Problem to work on - Return the data below exactly as given, except for the images.

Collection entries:

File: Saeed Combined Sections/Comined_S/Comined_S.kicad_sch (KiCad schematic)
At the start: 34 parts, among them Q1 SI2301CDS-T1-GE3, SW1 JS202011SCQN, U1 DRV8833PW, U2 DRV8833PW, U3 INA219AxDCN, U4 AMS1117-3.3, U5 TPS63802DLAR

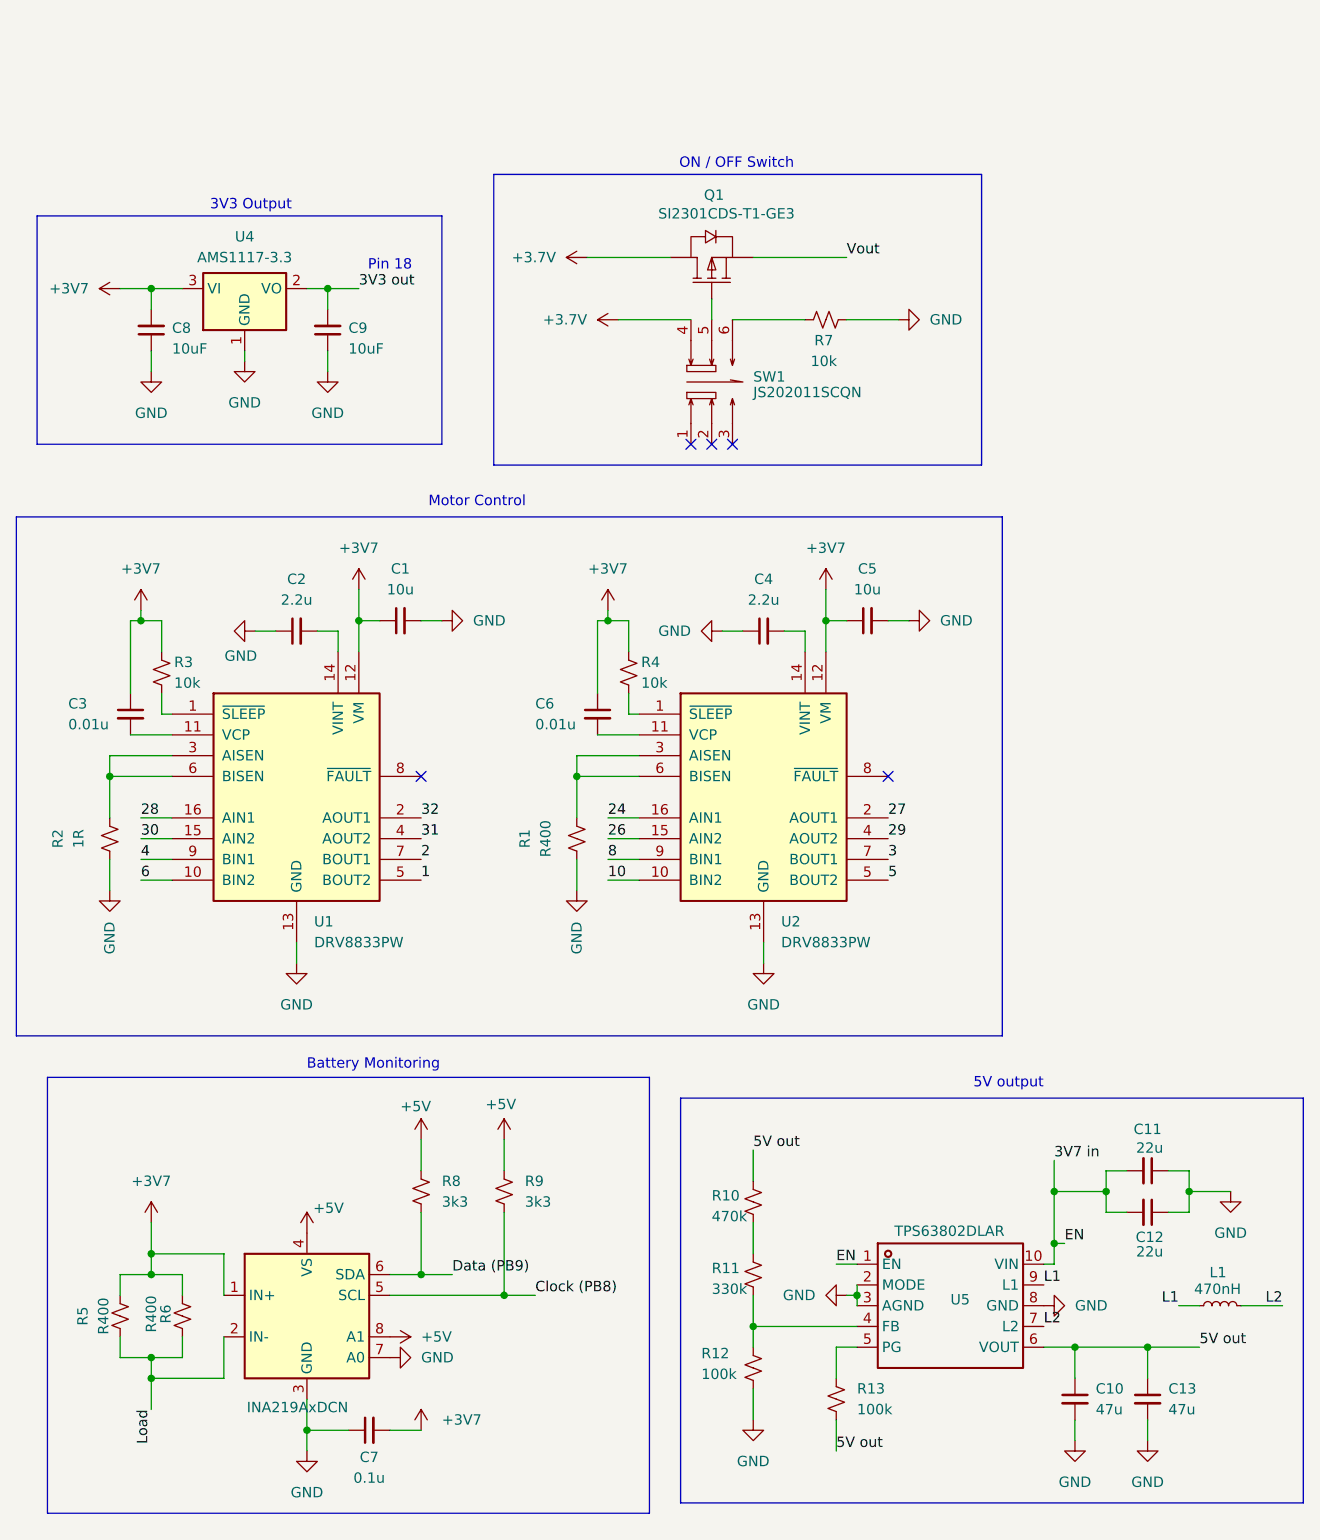
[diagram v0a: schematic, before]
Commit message: Changed switch
Changed switch do not depend on p-mosfet
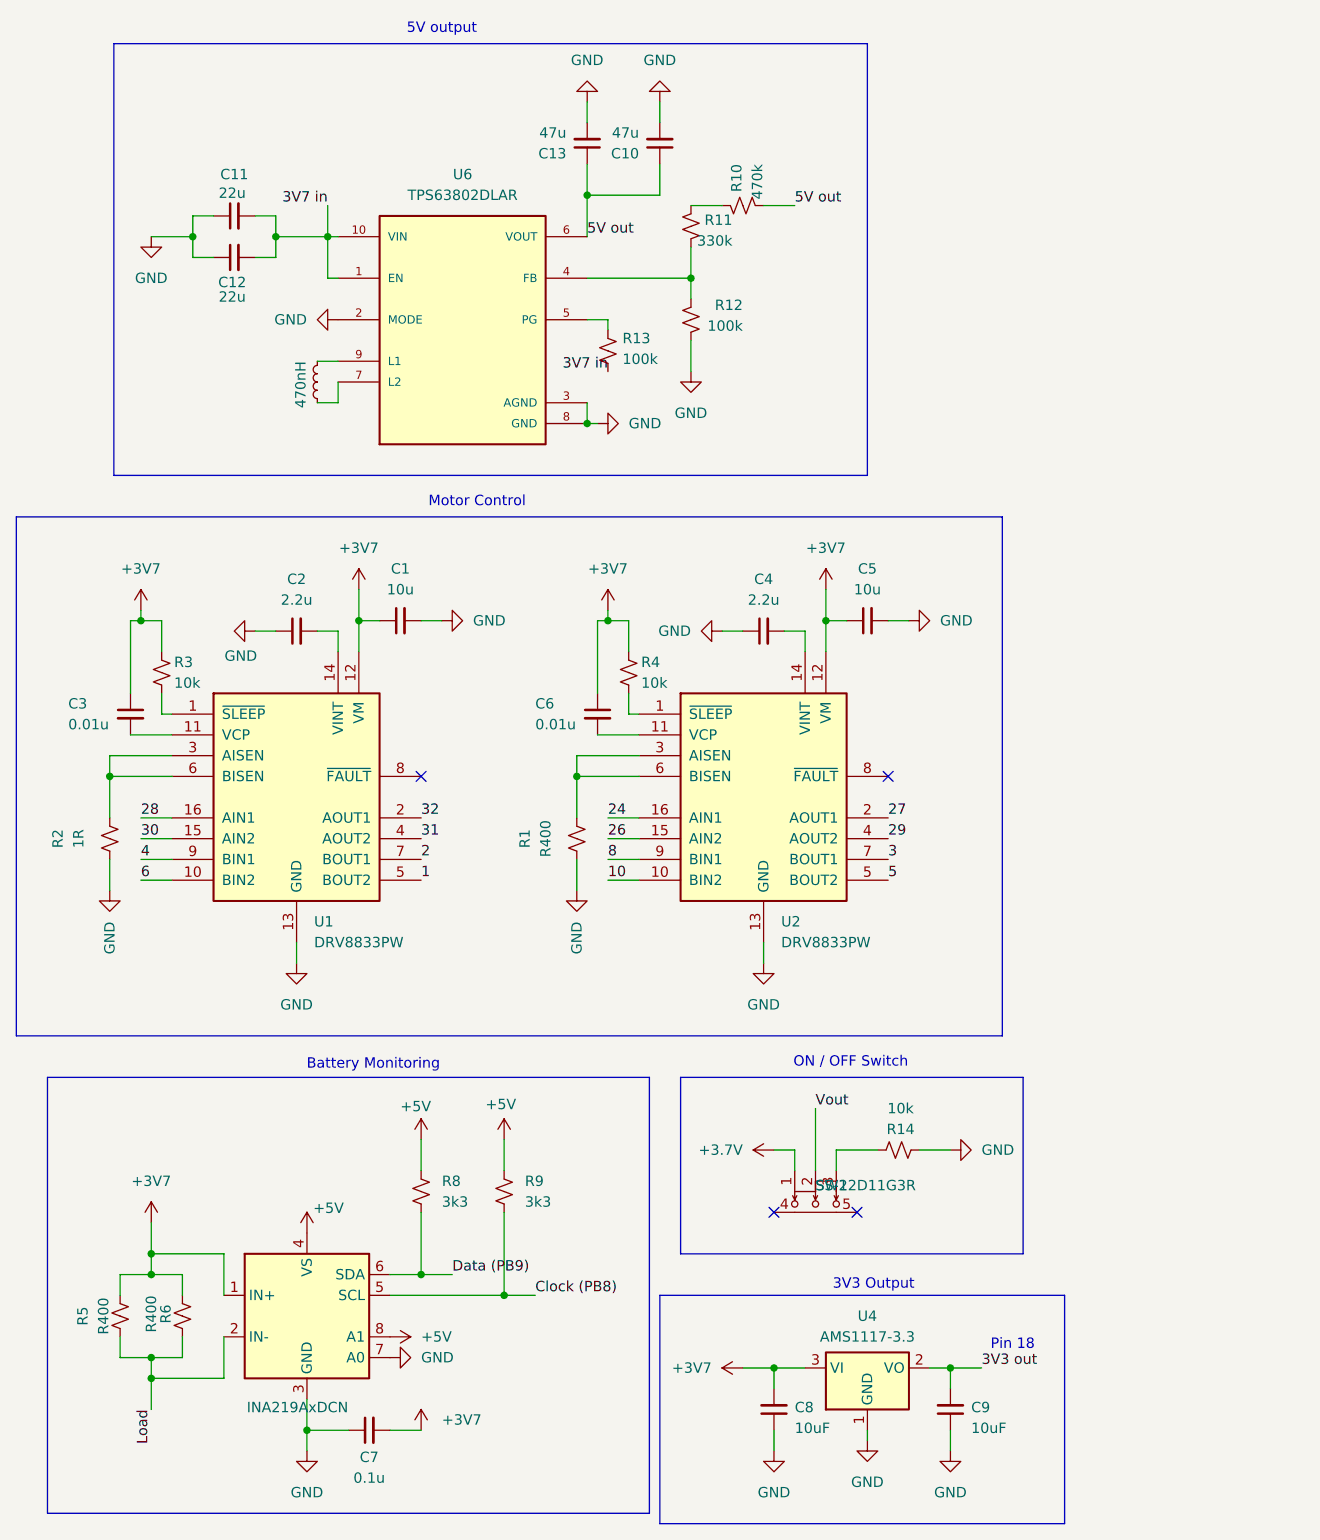
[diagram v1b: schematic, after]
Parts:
- removed Q1: SI2301CDS-T1-GE3, Package_TO_SOT_SMD:SOT-23_Handsoldering, symbol temp-altium-import:root_0_SI2301CDS-T1-GE3_
- removed R7: 10k, Resistor_SMD:R_0402_1005Metric_Pad0.72x0.64mm_HandSolder, symbol Device:R_Small_US
- removed SW1: JS202011SCQN, Button_Switch_THT:SW_CK_JS202011AQN_DPDT_Angled, symbol ON_OFF_Switch-altium-import:root_0_JS202011SCQN_
- removed U5: TPS63802DLAR, VSON-10_L3.0-W2.0-P0.50-TL, symbol temp-altium-import:root_0_TPS63802DLAR_C2845237
- added R14: 10k, Resistor_SMD:R_0402_1005Metric_Pad0.72x0.64mm_HandSolder, symbol Device:R_Small_US
- added SW2: SS-12D11G3R, SS-12D11G3R:SW-TH_SS-12D11L3, symbol temp-altium-import:root_0_SS-12D11G3R_
- added U6: TPS63802DLAR, TPS63802DLAR:VREG_TPS63802DLAR, symbol TPS63802DLAR:TPS63802DLAR
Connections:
- net +3.7V: now also SW2.1
- net 3V7 in: now also R13.2, U6.1 (EN), U6.10 (VIN)
- net 5V out: now also R10.2, U6.6 (VOUT); no longer R10.1, R13.2
- net GND: now also R14.1, U6.2 (MODE), U6.3 (AGND), U6.8 (GND)
- net Vout: now also SW2.2
- net at R11.2, R12.1: now also U6.4 (FB)
- net at R11.1: now also R10.1; no longer R10.2
- net at R13.1: now also U6.5 (PG)
- net L1: no longer names the net of L1.1
- net L1: now also U6.7 (L2)
- net L2: no longer names the net of L1.2
- net L2: now also U6.9 (L1)
- new net: R14.2, SW2.3
- no-connect marks 5 -> 4
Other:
- moved on the sheet: C10, C11, C12, C13, C8, C9, R10, R11, R12, R13, U4

Answer for the task -
File: Saeed Combined Sections/Comined_S/Comined_S.kicad_sch (KiCad schematic)
At the start: 34 parts, among them Q1 SI2301CDS-T1-GE3, SW1 JS202011SCQN, U1 DRV8833PW, U2 DRV8833PW, U3 INA219AxDCN, U4 AMS1117-3.3, U5 TPS63802DLAR

[diagram v0a: schematic, before]
Commit message: Changed switch
Changed switch do not depend on p-mosfet
[diagram v1b: schematic, after]
Parts:
- removed Q1: SI2301CDS-T1-GE3, Package_TO_SOT_SMD:SOT-23_Handsoldering, symbol temp-altium-import:root_0_SI2301CDS-T1-GE3_
- removed R7: 10k, Resistor_SMD:R_0402_1005Metric_Pad0.72x0.64mm_HandSolder, symbol Device:R_Small_US
- removed SW1: JS202011SCQN, Button_Switch_THT:SW_CK_JS202011AQN_DPDT_Angled, symbol ON_OFF_Switch-altium-import:root_0_JS202011SCQN_
- removed U5: TPS63802DLAR, VSON-10_L3.0-W2.0-P0.50-TL, symbol temp-altium-import:root_0_TPS63802DLAR_C2845237
- added R14: 10k, Resistor_SMD:R_0402_1005Metric_Pad0.72x0.64mm_HandSolder, symbol Device:R_Small_US
- added SW2: SS-12D11G3R, SS-12D11G3R:SW-TH_SS-12D11L3, symbol temp-altium-import:root_0_SS-12D11G3R_
- added U6: TPS63802DLAR, TPS63802DLAR:VREG_TPS63802DLAR, symbol TPS63802DLAR:TPS63802DLAR
Connections:
- net +3.7V: now also SW2.1
- net 3V7 in: now also R13.2, U6.1 (EN), U6.10 (VIN)
- net 5V out: now also R10.2, U6.6 (VOUT); no longer R10.1, R13.2
- net GND: now also R14.1, U6.2 (MODE), U6.3 (AGND), U6.8 (GND)
- net Vout: now also SW2.2
- net at R11.2, R12.1: now also U6.4 (FB)
- net at R11.1: now also R10.1; no longer R10.2
- net at R13.1: now also U6.5 (PG)
- net L1: no longer names the net of L1.1
- net L1: now also U6.7 (L2)
- net L2: no longer names the net of L1.2
- net L2: now also U6.9 (L1)
- new net: R14.2, SW2.3
- no-connect marks 5 -> 4
Other:
- moved on the sheet: C10, C11, C12, C13, C8, C9, R10, R11, R12, R13, U4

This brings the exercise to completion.